Ampere also announced their roadmap with Ampere Altra Max (2021) in development and AmpereOne (2022) defined.

===2021===
The 128-core Altra Max was released in 2021 and targeted hyperscale cloud providers. It uses the same server socket and platforms as Ampere Altra, and both products have one thread per core. The Altra Max CPUs provide 128 Arm v8.2+ cores per chip and run up to 3.0 GHz. They also support eight channels of DDR4-3200 memory and 128 lanes of PCIe Gen4.

Also in 2021, Oracle launched its Oracle Cloud Infrastructure (OCI) using Ampere Altra processors.

===2022===
In February 2022, Ampere and Rigetti Computing announced a strategic partnership to create hybrid quantum-classical computers. The companies will combine Ampere's Altra Max CPUs with Rigetti's Quantum Processing Units (QPU) in cloud-based High-Performance Computing (HPC) environments.

In April, Microsoft previewed its Azure Virtual Machines running on the Ampere Altra. The VMs run scale-out workloads, web servers, application servers, open source databases, cloud native .NET applications, Java applications, gaming servers, media servers, and other processes.

In May, Ampere announced the sampling of AmpereOne CPUs, 5 nanometer chips based on its in-house Ampere-developed core. AmpereOne will add support for DDR5 main memory and PCIe Gen5 peripherals.

On June 28, 2022, HPE became first tier-one server provider to offer compute with optimized cloud-native silicon for service providers and enterprises embracing cloud-native development with new line of HPE ProLiant RL Gen11 servers, using Ampere® Altra® and Ampere® Altra® Max processors, delivering high performance and power efficiency.

===2023===
During April 2023, Ampere released the Altra developer's kit, an IoT Prototype Kit based on Ampere Altra, aimed at cloud developers, available in 32-core, 64-core, and 80-core formats.

=== 2024 ===
In May 2024, Ampere updated its AmpereOne roadmap to 256 cores and announced a joint effort with Qualcomm on CPUs and accelerators.

==Customers==
Ampere's customers include Microsoft Azure, Tencent Cloud, Oracle, ByteDance, Hewlett Packard Enterprise (HPE), Cloudflare, Equinix, Kingsoft Cloud, Meituan, Scaleway, UCloud, Foxconn Industrial Internet, Gigabyte, Inspur, Cruise, Hetzner, Project Ronin, Wiwynn and Google Cloud Platform

Cruise uses an Ampere Altra variant for its autonomous driving unit. The CPU was selected because of its throughput and low power consumption.

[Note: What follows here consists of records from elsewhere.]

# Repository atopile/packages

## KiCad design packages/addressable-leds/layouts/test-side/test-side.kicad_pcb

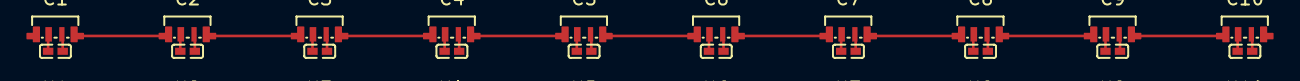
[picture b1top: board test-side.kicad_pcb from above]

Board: 2 copper layers, 20 parts (0 on the bottom side), 11 nets.

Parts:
C1, C2, C3, C4, C5, C6, C7, C8, C9, C10: 100nF ±10% 16V X7R; C0402
U1, U2, U3, U4, U5, U6, U7, U8, U9, U10: LED-SMD_4P-L3.5-W1.6_SK6805SIDE-G-001

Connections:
DOUT: U1.1, U2.4
DOUT-1: U2.1, U3.4
DOUT-2: U3.1, U4.4
DOUT-3: U4.1, U5.4
DOUT-4: U5.1, U6.4
DOUT-5: U6.1, U7.4
DOUT-6: U7.1, U8.4
DOUT-7: U8.1, U9.4
DOUT-8: U9.1, U10.4
gnd: C1.2, C2.2, C3.2, C4.2, C5.2, C6.2, C7.2, C8.2, C9.2, C10.2, U1.2, U2.2, U3.2, U4.2, U5.2, U6.2, U7.2, U8.2, U9.2, U10.2
hv: C1.1, C2.1, C3.1, C4.1, C5.1, C6.1, C7.1, C8.1, C9.1, C10.1, U1.3, U2.3, U3.3, U4.3, U5.3, U6.3, U7.3, U8.3, U9.3, U10.3

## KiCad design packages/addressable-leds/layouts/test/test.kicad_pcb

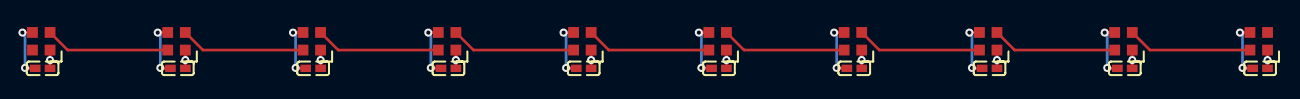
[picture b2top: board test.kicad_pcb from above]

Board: 2 copper layers, 20 parts (0 on the bottom side), 11 nets.

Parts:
C1, C2, C3, C4, C5, C6, C7, C8, C9, C10: 100nF ±10% 16V X7R; C0402
U1, U2, U3, U4, U5, U6, U7, U8, U9, U10: LED-SMD_4P-L2.0-W2.0-BR

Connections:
-DOUT-0: U1.2, U2.4
-DOUT-1: U2.2, U3.4
-DOUT-2: U3.2, U4.4
-DOUT-3: U4.2, U5.4
-DOUT-4: U5.2, U6.4
-DOUT-5: U6.2, U7.4
-DOUT-6: U7.2, U8.4
-DOUT-7: U8.2, U9.4
-DOUT-8: U9.2, U10.4
gnd: C1.2, C2.2, C3.2, C4.2, C5.2, C6.2, C7.2, C8.2, C9.2, C10.2, U1.3, U2.3, U3.3, U4.3, U5.3, U6.3, U7.3, U8.3, U9.3, U10.3
hv: C1.1, C2.1, C3.1, C4.1, C5.1, C6.1, C7.1, C8.1, C9.1, C10.1, U1.1, U2.1, U3.1, U4.1, U5.1, U6.1, U7.1, U8.1, U9.1, U10.1

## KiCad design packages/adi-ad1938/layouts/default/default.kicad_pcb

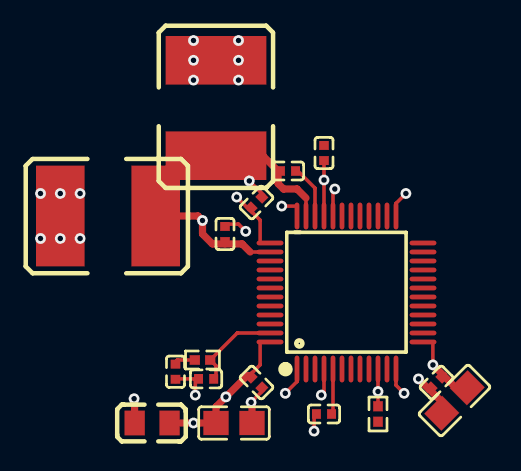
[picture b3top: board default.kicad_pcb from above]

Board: 2 copper layers, 17 parts (0 on the bottom side), 8 nets.

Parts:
C1, C2, C3, C4, C5, C8, C12: 100nF; C0402
C6: 5.6nF; C0402
C7: 390pF; C0402
C9, C13: 47µF; CAP-SMD_L6.1-W5.3-L-1
C10, C11: 10µF; C0805
L1: L 6.8µH; L0805
R1: 560Ω; R0402
R2: 100kΩ; R0402
U1: LQFP-48_L7.0-W7.0-P0.50-LS9.0-BL

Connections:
c1-power-hv: C6.1, R1.2
c2-power-hv: C7.1, R1.1, U1.47
c_bulk-power-hv: C8.1, C9.1, U1.38
c_bulk-power-hv-1: C12.1, C13.1, U1.35
hv: C1.1, C2.1, C3.1, C4.1, C10.1, L1.2, U1.5, U1.33, U1.37, U1.48
lv: C1.2, C2.2, C3.2, C4.2, C5.2, C6.2, C7.2, C8.2, C9.2, C10.2, C11.2, C12.2, C13.2, R2.2, U1.1, U1.4, U1.12, U1.25, U1.32, U1.34, U1.36
nPD_nRST: R2.1, U1.10
power_io-hv: C5.1, C11.1, L1.1, U1.13

In 2021, Oracle, Microsoft, Tencent, and ByteDance committed to using Ampere's customized chips, first announced in May. In April 2022, Microsoft previewed Ampere Altra processors in its new Azure D-and E- series virtual machines. The Dpsv5 series is built for Linux enterprise application types, and the Epsv5 series is for memory-intensive Linux workloads. They provide up to 64 vCPUs, include VM sizes with 2GiB, 4GiB, and 8GiB per vCPU memory configurations, up to 40 Gbit/s networking, and high-performance local SSD storage.

In 2022, Microsoft's Ampere Altra-based Azure servers became the first cloud solution provider server to be Arm SystemReady SR certified. The Azure VMs, powered by Altra processors, were also the first to be SystemReady Virtual Environment standard certified. SystemReady defines a set of firmware and hardware standards as a baseline for system development for software developers, original equipment vendors, and chipmakers.